Filter the entries below, keeping only lines with "dxfattribs".

══ STUDY MATERIAL ══

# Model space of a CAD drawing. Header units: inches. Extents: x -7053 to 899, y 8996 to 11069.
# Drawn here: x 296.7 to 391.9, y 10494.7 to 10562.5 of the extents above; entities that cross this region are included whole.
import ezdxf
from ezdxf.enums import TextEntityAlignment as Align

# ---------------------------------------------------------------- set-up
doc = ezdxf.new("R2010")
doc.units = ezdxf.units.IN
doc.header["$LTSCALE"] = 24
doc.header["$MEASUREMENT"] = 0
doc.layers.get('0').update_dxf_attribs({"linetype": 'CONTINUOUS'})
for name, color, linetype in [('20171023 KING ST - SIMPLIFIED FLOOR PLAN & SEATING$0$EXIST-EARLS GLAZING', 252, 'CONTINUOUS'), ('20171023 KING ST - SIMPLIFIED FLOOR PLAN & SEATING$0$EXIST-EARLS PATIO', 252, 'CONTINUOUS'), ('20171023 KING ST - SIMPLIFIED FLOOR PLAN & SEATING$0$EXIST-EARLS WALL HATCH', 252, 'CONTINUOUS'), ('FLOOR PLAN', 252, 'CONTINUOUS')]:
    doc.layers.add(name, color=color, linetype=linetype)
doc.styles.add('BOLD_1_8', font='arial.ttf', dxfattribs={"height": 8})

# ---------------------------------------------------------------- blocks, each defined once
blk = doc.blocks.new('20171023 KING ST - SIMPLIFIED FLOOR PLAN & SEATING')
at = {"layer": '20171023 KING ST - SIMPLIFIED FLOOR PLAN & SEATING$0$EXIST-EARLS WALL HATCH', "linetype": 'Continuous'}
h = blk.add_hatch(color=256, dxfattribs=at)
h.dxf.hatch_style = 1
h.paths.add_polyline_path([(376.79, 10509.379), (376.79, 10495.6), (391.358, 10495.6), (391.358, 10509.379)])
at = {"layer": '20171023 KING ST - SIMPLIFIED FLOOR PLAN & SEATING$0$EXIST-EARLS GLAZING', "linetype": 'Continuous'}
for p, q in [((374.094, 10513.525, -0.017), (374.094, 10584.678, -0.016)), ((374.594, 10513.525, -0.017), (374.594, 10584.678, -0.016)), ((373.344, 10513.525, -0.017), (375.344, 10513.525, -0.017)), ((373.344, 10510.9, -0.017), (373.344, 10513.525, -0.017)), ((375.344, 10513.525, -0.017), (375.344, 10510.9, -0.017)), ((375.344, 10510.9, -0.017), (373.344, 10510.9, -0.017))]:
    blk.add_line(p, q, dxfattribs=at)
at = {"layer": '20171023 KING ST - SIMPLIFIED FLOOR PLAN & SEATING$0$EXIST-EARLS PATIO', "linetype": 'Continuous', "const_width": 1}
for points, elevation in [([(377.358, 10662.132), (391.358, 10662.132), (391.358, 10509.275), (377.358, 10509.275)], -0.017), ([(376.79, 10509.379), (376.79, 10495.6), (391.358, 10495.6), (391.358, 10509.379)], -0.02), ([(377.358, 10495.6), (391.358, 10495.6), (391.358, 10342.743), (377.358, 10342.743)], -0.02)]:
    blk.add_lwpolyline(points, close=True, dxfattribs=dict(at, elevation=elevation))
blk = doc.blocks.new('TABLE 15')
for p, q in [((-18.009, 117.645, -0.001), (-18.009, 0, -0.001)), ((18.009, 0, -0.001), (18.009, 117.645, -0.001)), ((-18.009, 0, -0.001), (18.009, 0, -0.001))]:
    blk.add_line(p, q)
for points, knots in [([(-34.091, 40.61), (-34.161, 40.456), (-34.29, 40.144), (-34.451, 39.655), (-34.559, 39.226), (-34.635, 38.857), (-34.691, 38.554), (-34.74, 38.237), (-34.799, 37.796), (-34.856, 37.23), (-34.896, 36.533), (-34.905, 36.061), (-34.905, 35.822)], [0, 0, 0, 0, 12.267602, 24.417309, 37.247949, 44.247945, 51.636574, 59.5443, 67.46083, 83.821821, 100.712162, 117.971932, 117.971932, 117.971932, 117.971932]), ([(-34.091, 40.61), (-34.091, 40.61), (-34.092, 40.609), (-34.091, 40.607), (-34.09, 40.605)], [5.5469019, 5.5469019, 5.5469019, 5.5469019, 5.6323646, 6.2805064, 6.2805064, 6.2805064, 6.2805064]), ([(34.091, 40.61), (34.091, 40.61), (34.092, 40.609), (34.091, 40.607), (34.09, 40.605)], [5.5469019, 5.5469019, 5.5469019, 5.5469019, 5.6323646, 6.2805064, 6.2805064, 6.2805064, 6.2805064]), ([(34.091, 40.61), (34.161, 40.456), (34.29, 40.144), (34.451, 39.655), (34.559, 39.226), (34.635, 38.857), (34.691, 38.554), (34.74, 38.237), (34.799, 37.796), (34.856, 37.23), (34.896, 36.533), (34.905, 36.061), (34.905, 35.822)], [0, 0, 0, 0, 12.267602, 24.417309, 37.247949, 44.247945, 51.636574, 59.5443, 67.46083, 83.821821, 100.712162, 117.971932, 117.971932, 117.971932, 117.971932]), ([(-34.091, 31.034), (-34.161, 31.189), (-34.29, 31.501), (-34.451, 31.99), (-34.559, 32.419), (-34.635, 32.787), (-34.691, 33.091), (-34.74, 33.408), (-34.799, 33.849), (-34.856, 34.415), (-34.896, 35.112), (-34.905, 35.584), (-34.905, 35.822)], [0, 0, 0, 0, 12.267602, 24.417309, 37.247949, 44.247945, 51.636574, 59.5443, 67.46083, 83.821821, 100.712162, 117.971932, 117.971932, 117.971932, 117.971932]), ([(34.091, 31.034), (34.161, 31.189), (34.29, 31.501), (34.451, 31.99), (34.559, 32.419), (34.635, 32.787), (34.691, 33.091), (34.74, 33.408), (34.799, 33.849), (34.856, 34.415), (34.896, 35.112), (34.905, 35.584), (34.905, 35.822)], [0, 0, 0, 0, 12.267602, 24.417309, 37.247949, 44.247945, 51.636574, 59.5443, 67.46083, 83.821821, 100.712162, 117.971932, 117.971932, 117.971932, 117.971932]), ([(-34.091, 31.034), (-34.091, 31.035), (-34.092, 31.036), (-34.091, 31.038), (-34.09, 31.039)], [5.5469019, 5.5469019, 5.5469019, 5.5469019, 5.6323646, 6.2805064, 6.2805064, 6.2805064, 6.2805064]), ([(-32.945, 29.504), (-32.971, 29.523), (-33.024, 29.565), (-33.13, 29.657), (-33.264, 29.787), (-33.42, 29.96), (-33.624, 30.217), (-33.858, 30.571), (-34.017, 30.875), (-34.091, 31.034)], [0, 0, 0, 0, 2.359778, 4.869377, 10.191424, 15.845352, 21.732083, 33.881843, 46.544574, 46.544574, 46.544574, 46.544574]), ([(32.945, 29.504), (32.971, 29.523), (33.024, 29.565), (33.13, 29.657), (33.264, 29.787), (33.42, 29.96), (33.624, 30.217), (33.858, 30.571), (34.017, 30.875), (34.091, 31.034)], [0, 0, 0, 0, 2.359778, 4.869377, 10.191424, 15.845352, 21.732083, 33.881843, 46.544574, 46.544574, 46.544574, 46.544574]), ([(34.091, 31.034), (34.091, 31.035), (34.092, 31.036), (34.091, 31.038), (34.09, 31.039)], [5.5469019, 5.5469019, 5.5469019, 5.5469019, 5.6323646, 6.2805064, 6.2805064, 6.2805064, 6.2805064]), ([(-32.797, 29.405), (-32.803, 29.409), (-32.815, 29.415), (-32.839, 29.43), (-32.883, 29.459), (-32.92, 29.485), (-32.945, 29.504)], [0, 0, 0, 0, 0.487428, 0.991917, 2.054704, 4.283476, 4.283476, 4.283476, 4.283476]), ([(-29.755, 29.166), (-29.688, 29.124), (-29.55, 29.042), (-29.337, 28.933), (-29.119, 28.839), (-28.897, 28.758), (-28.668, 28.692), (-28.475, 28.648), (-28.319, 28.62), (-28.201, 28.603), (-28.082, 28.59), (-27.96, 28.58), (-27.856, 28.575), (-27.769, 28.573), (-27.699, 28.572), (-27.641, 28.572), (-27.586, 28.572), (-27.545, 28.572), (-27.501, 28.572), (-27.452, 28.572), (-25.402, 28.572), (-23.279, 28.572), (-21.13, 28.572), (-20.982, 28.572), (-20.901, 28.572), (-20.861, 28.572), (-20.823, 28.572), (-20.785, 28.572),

═══

## ANSWER
doc.styles.add('BOLD_1_8', font='arial.ttf', dxfattribs={"height": 8})
h = blk.add_hatch(color=256, dxfattribs=at)
    blk.add_line(p, q, dxfattribs=at)
    blk.add_lwpolyline(points, close=True, dxfattribs=dict(at, elevation=elevation))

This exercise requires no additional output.